Calling All Czechs! The Prague Uprising of 1945

Seventy-five years ago, in final days of World War II in Europe, Czech citizens and members of its resistance launched a final assault against the Nazis. The Prague Uprising lasted for five days, and came to represent a symbol of Czech resistance in World War II.

Above image: Wartime propaganda poster advocating the liberation of Czechslovakia. Courtesy of the National Archives and Records Administration. 

Hitler saluting German forces entering Czechoslovakia. Courtesy of the New York Public Library.


In September 1938, the Munich Agreement granted Adolf Hitler the Sudetenland, a border area of Czechoslovakia home to many ethnic Germans. Five months later, Hitler violated the agreement, invaded, and occupied the remainder of Czechoslovakia. Known to the Nazis as the “arsenal of the Reich,” Czechoslovakia served Hitler for nearly seven years as a reliable source for industrial goods.
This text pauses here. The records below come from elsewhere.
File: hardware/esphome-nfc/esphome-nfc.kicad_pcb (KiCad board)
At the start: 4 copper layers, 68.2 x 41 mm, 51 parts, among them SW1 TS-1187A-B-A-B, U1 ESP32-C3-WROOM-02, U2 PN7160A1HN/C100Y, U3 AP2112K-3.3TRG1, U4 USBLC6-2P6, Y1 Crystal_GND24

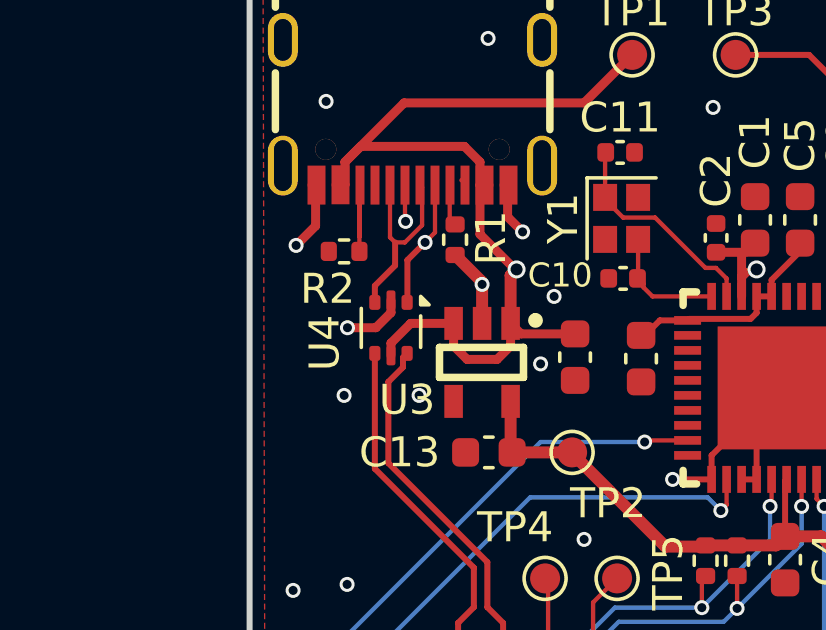
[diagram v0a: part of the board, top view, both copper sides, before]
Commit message: Use easyeda blueprint for USBLC6-2P6 to fix the rotation
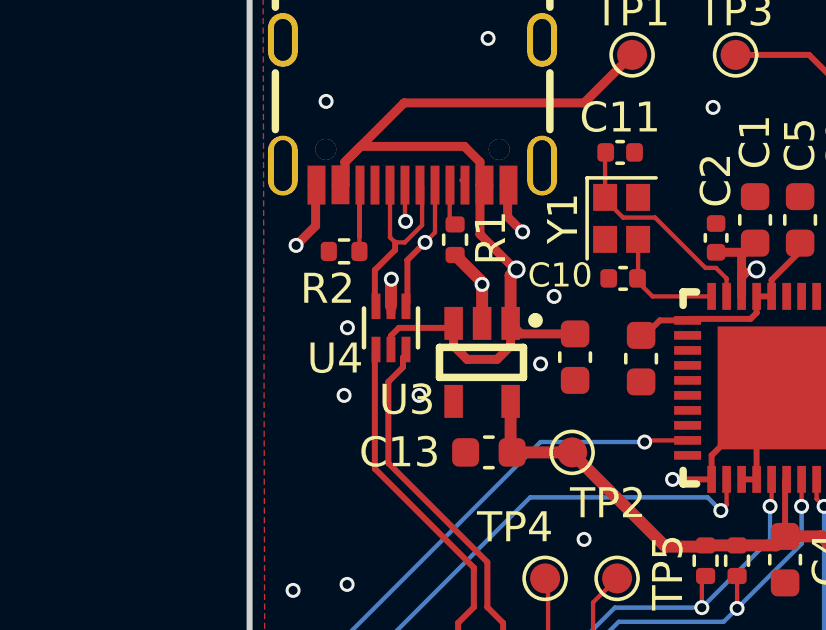
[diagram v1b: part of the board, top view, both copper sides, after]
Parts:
- U4: footprint Package_TO_SOT_SMD:SOT-666 -> easyeda2kicad:SOT-666-6_L1.6-W1.2-P0.50-LS1.6-BR
- turned U4 to 90 degrees
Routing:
- net GND: track 22.8 -> 22.0 mm, vias 35 -> 36
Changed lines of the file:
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@@
 		)
 	)
-	(footprint "Package_TO_SOT_SMD:SOT-666"
+	(footprint "easyeda2kicad:SOT-666-6_L1.6-W1.2-P0.50-LS1.6-BR"
 		(layer "F.Cu")
-		(at 160.9625 85.35 -90)
-		(descr "SOT666")
-		(tags "SOT-666")
+		(at 160.9625 85.35 90)
 		(property "Reference" "U4"
-			(at 0.5 2.2125 90)
+			(at -1.025 -1.8625 180)
 			(layer "F.SilkS")
 			(effects
@@
 		)
 		(property "Value" "USBLC6-2P6"
-			(at 0 1.75 90)
+			(at 0 4.5 90)
 			(layer "F.Fab")
 			(effects
@@
 			)
 		)
-		(property "Footprint" "Package_TO_SOT_SMD:SOT-666"
-			(at 0 0 -90)
-			(unlocked yes)
+		(property "Footprint" "easyeda2kicad:SOT-666-6_L1.6-W1.2-P0.50-LS1.6-BR"
+			(at 0 0 90)
 			(layer "F.Fab")
 			(hide yes)
@@
 		)
 		(property "Datasheet" "https://www.st.com/resource/en/datasheet/usblc6-2.pdf"
-			(at 0 0 -90)
-			(unlocked yes)
+			(at 0 0 90)
 			(layer "F.Fab")
 			(hide yes)
@@
 		)
 		(property "Description" "Very low capacitance ESD protection diode, 2 data-line, SOT-666"
-			(at 0 0 -90)
-			(unlocked yes)
+			(at 0 0 90)
 			(layer "F.Fab")
 			(hide yes)
@@
 		)
 		(property "LCSC" "C15999"
-			(at 0 0 -90)
+			(at 0 0 90)
 			(unlocked yes)
 			(layer "F.Fab")
@@
 		(attr smd)
 		(fp_line
-			(start 0.65 0.99)
-			(end -0.65 0.99)
+			(start 0.65 -0.9)
+			(end -0.65 -0.9)
 			(stroke
-				(width 0.12)
+				(width 0.15)
 				(type solid)
 			)
@@
 		)
 		(fp_line
-			(start 0.65 -0.99)
-			(end -0.4 -0.99)
+			(start 0.65 0.9)
+			(end -0.65 0.9)
 			(stroke
-				(width 0.12)
+				(width 0.15)
 				(type solid)
 			)
 			(layer "F.SilkS")
 		)
-		(fp_poly
-			(pts
-				(xy -0.77 -0.99) (xy -1.05 -0.99) (xy -0.77 -1.27) (xy -0.77 -0.99)
-			)
+		(fp_arc
+			(start 1.06 0.99)
+			(mid 1.06 0.99)
+			(end 1.06 0.99)
 			(stroke
-				(width 0.12)
+				(width 0.2)
 				(type solid)
 			)
-			(fill solid)
 			(layer "F.SilkS")
 		)
-		(fp_line
-			(start -1.5 1.1)
-			(end 1.5 1.1)
-			(stroke
-				(width 0.05)
-				(type solid)
-			)
-			(layer "F.CrtYd")
-		)
-		(fp_line
-			(start 1.5 1.1)
-			(end 1.5 -1.1)
-			(stroke
-				(width 0.05)
-				(type solid)
-			)
-			(layer "F.CrtYd")
-		)
-		(fp_line
-			(start -1.5 -1.1)
-			(end -1.5 1.1)
-			(stroke
-				(width 0.05)
-				(type solid)
-			)
-			(layer "F.CrtYd")
-		)
-		(fp_line
-			(start -1.5 -1.1)
-			(end 1.5 -1.1)
-			(stroke
-				(width 0.05)
-				(type solid)
-			)
-			(layer "F.CrtYd")
-		)
-		(fp_line
-			(start 0.65 0.85)
-			(end -0.65 0.85)
-			(stroke
-				(width 0.1)
-				(type solid)
-			)
-			(layer "F.Fab")
-		)
-		(fp_line
-			(start -0.65 -0.53)
-			(end -0.65 0.85)
-			(stroke
-				(width 0.1)
-				(type solid)
-			)
-			(layer "F.Fab")
-		)
-		(fp_line
-			(start -0.65 -0.53)
-			(end -0.33 -0.85)
-			(stroke
-				(width 0.1)
-				(type solid)
-			)
-			(layer "F.Fab")
-		)
-		(fp_line
-			(start 0.65 -0.85)
-			(end 0.65 0.85)
-			(stroke
-				(width 0.1)
-				(type solid)
-			)
-			(layer "F.Fab")
-		)
-		(fp_line
-			(start 0.65 -0.85)
-			(end -0.33 -0.85)
+		(fp_circle
+			(center 1.06 0.51)
+			(end 1.16 0.51)
 			(stroke
-				(width 0.1)
+				(width 0.2)
 				(type solid)
 			)
-			(layer "F.Fab")
+			(fill none)
+			(layer "Cmts.User")
 		)
-		(fp_line
-			(start 0.65 -0.85)
-			(end -0.33 -0.85)
+		(fp_circle
+			(center 0.8 0.83)
+			(end 0.83 0.83)
 			(stroke
-				(width 0.1)
+				(width 0.06)
 				(type solid)
 			)
+			(fill none)
 			(layer "F.Fab")
 		)
 		(fp_text user "${REFERENCE}"
-			(at 0 0 0)
+			(at 0 0 90)
 			(layer "F.Fab")
 			(effects
 				(font
-					(size 0.5 0.5)
-					(thickness 0.075)
+					(size 1 1)
+					(thickness 0.15)
 				)
 			)
 		)
-		(pad "1" smd roundrect
-			(at -0.85 -0.5375 270)
-			(size 0.5 0.375)
+		(pad "1" smd rect
+			(at 0.72 0.5 180)
+			(size 0.3 0.85)
 			(layers "F.Cu" "F.Paste" "F.Mask")
-			(roundrect_rratio 0.25)
 			(net 46 "/DN")
 			(pinfunction "I/O1")
 			(pintype "passive")
 		)
-		(pad "2" smd roundrect
-			(at -0.925 0 270)
-			(size 0.65 0.3)
+		(pad "2" smd rect
+			(at 0.72 0 180)
+			(size 0.3 0.85)
 			(layers "F.Cu" "F.Paste" "F.Mask")
-			(roundrect_rratio 0.25)
 			(net 1 "GND")
 			(pinfunction "GND")
 			(pintype "passive")
 		)
-		(pad "3" smd roundrect
-			(at -0.85 0.5375 270)
-			(size 0.5 0.375)
+		(pad "3" smd rect
+			(at 0.72 -0.5 180)
+			(size 0.3 0.85)
 			(layers "F.Cu" "F.Paste" "F.Mask")
-			(roundrect_rratio 0.25)
 			(net 45 "/DP")
 			(pinfunction "I/O2")
 			(pintype "passive")
 		)
-		(pad "4" smd roundrect
-			(at 0.85 0.5375 270)
-			(size 0.5 0.375)
+		(pad "4" smd rect
+			(at -0.72 -0.5 180)
+			(size 0.3 0.85)
 			(layers "F.Cu" "F.Paste" "F.Mask")
-			(roundrect_rratio 0.25)
 			(net 9 "/D+")
 			(pinfunction "I/O2")
 			(pintype "passive")
 		)
-		(pad "5" smd roundrect
-			(at 0.925 0 270)
-			(size 0.65 0.3)
+		(pad "5" smd rect
+			(at -0.72 0 180)
+			(size 0.3 0.85)
 			(layers "F.Cu" "F.Paste" "F.Mask")
-			(roundrect_rratio 0.25)
 			(net 19 "+5V")
 			(pinfunction "VBUS")
 			(pintype "passive")
 		)
-		(pad "6" smd roundrect
-			(at 0.85 -0.5375 270)
-			(size 0.5 0.375)
+		(pad "6" smd rect
+			(at -0.72 0.5 180)
+			(size 0.3 0.85)
 			(layers "F.Cu" "F.Paste" "F.Mask")
-			(roundrect_rratio 0.25)
 			(net 10 "/D-")
 			(pinfunction "I/O1")
 			(pintype "passive")
 		)
-		(model "${KICAD8_3DMODEL_DIR}/Package_TO_SOT_SMD.3dshapes/SOT-666.wrl"
+		(model "Z:/Dev/Kicad/easyeda2kicad/easyeda2kicad.3dshapes/SOT-666-6P_L1.6-W1.2-H0.6-LS1.6-P0.50.wrl"
 			(offset
-				(xyz 0 0 0)
+				(xyz -0 0.03 -0)
 			)
 			(scale
@@
 			)
 			(rotate
-				(xyz 0 0 0)
+				(xyz 0 0 180)
 			)
 		)
@@
 	)
 	(segment
-		(start 160.9625 84.842656)
-		(end 160.461156 85.344)
-		(width 0.3)
+		(start 160.9625 84.63)
+		(end 160.9625 83.7375)
+		(width 0.4)
 		(layer "F.Cu")
 		(net 1)
@@
 	)
 	(segment
+		(start 160.9625 83.7375)
+		(end 160.975 83.725)
+		(width 0.4)
+		(layer "F.Cu")
+		(net 1)
+	)
+	(segment
 		(start 158.45 80.71)
 		(end 158.33 80.59)
@@
 	)
 	(segment
-		(start 160.461156 85.344)
-		(end 159.512 85.344)
-		(width 0.3)
-		(layer "F.Cu")
-		(net 1)
-	)
-	(segment
 		(start 164 85.2)
 		(end 164 83.9)
@@
 	)
 	(via
+		(at 160.975 83.725)
+		(size 0.5)
+		(drill 0.3)
+		(layers "F.Cu" "B.Cu")
+		(net 1)
+	)
+	(via
 		(at 180.2 96)
 		(size 0.5)
@@
 	)
 	(segment
+		(start 160.9625 85.6125)
+		(end 161.225 85.35)
+		(width 0.2)
+		(layer "F.Cu")
+		(net 19)
+	)
+	(segment
 		(start 176.95 88.6)
 		(end 176.95 89.1)
@@
 	)
 	(segment
-		(start 163.93 82.23)
-		(end 165.1 83.4)
-		(width 0.3)
+		(start 161.225 85.35)
+		(end 162.9 85.35)
+		(width 0.2)
 		(layer "F.Cu")
 		(net 19)
 	)
 	(segment
-		(start 160.9625 86.275)
-		(end 160.9625 85.857344)
+		(start 163.93 82.23)
+		(end 165.1 83.4)
 		(width 0.3)
 		(layer "F.Cu")
@@
 	)
 	(segment
-		(start 161.619844 85.2)
+		(start 162.9 85.35)
 		(end 163.05 85.2)
-		(width 0.3)
+		(width 0.2)
+		(layer "F.Cu")
+		(net 19)
+	)
+	(segment
+		(start 160.9625 86.275)
+		(end 160.9625 85.6125)
+		(width 0.2)
 		(layer "F.Cu")
 		(net 19)
@@
 	)
 	(segment
-		(start 160.9625 85.857344)
-		(end 161.619844 85.2)
-		(width 0.3)
-		(layer "F.Cu")
-		(net 19)
-	)
-	(segment
 		(start 172.795 82.83)
 		(end 173.1 82.525)
@@
 	)
 	(segment
-		(start 160.425 83.945)
-		(end 161.1 83.27)
-		(width 0.2)
+		(start 162 81.925)
+		(end 162 80.66)
+		(width 0.145)
 		(layer "F.Cu")
 		(net 45)
 	)
 	(segment
-		(start 161.1 83.27)
-		(end 161.1 82.5)
+		(start 160.425 83.425)
+		(end 161.1 82.75)
 		(width 0.2)
 		(layer "F.Cu")
@@
 	)
 	(segment
-		(start 162 81.925)
-		(end 162 80.66)
-		(width 0.145)
-		(layer "F.Cu")
-		(net 45)
-	)
-	(segment
 		(start 162 80.66)
 		(end 161.93 80.59)
@@
 	)
 	(segment
-		(start 160.425 84.5)
-		(end 160.425 83.945)
-		(width 0.2)
-		(layer "F.Cu")
-		(net 45)
-	)
-	(segment
 		(start 161.1 82.5)
 		(end 161.425 82.5)
@@
 	)
 	(segment
+		(start 161.1 82.75)
+		(end 161.1 82.5)
+		(width 0.2)
+		(layer "F.Cu")
+		(net 45)
+	)
+	(segment
 		(start 161.1 82.5)
 		(end 160.93 82.33)
@@
 		(layer "F.Cu")
 		(net 45)
+	)
+	(segment
+		(start 160.425 84.5)
+		(end 160.425 83.425)
+		(width 0.2)
+		(layer "F.Cu")
+		(net 45)

Though Czechoslovakia did not see much battle during the war, its citizens still faced the terrors of Nazism. Reinhard Heydrich, the SS official known for his role in the conception and implementation of the Holocaust, governed Prague, as part of a so-called Reich Protectorate of Bohemia and Moravia. From Prague, Heydrich enforced Nazi policy and fought against the Czech resistance. Heydrich ruled with terror—arrests, expulsions, deportations, and executions were all common in daily life, and he quickly became known as the “Butcher of Prague.” The assassination of Heydrich in the spring of 1942 by Czechoslovak resistance fighters, known as Operation Anthropoid, triggered one of the Nazi’s most notorious reprisals. In return for the assassination of Heydrich, Nazi troops surrounded the town of Lidice, blocking all routes of escape. Though there was no evidence that the town harbored resistance fighters involved in the assassination, the Nazis murdered all men from the village and deported all women to various concentration camps. Most of the village’s children were also deported to camps, while few were selected to be “Aryanized” and were placed into German families. The remainder of Lidice was destroyed. Buildings were demolished and set aflame, the village’s stream and roads re-routed, and the ground covered, leaving no trace of the village behind. Since the war, Lidice has been rebuilt near the village’s original location.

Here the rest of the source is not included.